=== ACTIVITY ===
All that is wanted is a word-for-word copy of the data from its first line to the line containing "normal blind 200", both included.

=== SOURCE DATA ===
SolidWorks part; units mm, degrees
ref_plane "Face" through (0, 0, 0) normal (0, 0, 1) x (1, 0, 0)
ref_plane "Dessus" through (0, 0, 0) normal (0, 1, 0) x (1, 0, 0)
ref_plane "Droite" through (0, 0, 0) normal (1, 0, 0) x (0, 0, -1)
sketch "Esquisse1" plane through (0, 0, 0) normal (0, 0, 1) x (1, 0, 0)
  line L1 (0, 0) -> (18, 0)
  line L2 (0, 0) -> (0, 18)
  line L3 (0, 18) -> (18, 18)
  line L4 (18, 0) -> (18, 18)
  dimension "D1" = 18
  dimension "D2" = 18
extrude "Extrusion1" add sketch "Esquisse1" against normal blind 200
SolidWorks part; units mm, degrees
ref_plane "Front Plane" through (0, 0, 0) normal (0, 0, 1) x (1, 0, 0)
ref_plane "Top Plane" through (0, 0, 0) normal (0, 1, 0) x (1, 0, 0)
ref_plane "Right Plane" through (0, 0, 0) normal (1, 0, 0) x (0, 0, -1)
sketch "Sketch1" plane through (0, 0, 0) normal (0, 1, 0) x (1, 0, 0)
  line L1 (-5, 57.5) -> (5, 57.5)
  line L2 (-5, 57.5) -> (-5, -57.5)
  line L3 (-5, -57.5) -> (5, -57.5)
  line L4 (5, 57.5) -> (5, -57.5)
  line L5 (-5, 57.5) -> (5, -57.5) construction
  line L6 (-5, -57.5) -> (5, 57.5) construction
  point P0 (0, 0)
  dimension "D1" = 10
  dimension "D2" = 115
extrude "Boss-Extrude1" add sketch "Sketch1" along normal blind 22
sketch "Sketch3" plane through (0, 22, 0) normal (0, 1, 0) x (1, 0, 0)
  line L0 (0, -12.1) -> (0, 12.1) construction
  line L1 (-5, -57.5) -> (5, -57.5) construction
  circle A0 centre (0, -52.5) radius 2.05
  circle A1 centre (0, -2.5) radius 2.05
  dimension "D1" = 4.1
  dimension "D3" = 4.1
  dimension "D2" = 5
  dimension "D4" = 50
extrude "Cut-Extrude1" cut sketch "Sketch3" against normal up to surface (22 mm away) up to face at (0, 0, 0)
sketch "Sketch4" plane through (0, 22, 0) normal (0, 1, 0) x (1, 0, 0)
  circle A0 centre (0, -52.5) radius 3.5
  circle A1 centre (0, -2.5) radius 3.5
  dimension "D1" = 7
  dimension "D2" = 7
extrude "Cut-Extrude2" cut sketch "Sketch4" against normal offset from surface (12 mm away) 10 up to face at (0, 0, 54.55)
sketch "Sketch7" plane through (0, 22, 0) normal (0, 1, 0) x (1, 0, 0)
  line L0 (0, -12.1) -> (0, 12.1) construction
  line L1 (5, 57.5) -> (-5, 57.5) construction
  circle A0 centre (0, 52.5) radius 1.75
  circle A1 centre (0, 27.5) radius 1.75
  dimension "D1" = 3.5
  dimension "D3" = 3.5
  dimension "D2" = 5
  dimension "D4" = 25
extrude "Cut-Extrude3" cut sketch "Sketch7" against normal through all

=== EXERCISE RESULT ===
SolidWorks part; units mm, degrees
ref_plane "Face" through (0, 0, 0) normal (0, 0, 1) x (1, 0, 0)
ref_plane "Dessus" through (0, 0, 0) normal (0, 1, 0) x (1, 0, 0)
ref_plane "Droite" through (0, 0, 0) normal (1, 0, 0) x (0, 0, -1)
sketch "Esquisse1" plane through (0, 0, 0) normal (0, 0, 1) x (1, 0, 0)
  line L1 (0, 0) -> (18, 0)
  line L2 (0, 0) -> (0, 18)
  line L3 (0, 18) -> (18, 18)
  line L4 (18, 0) -> (18, 18)
  dimension "D1" = 18
  dimension "D2" = 18
extrude "Extrusion1" add sketch "Esquisse1" against normal blind 200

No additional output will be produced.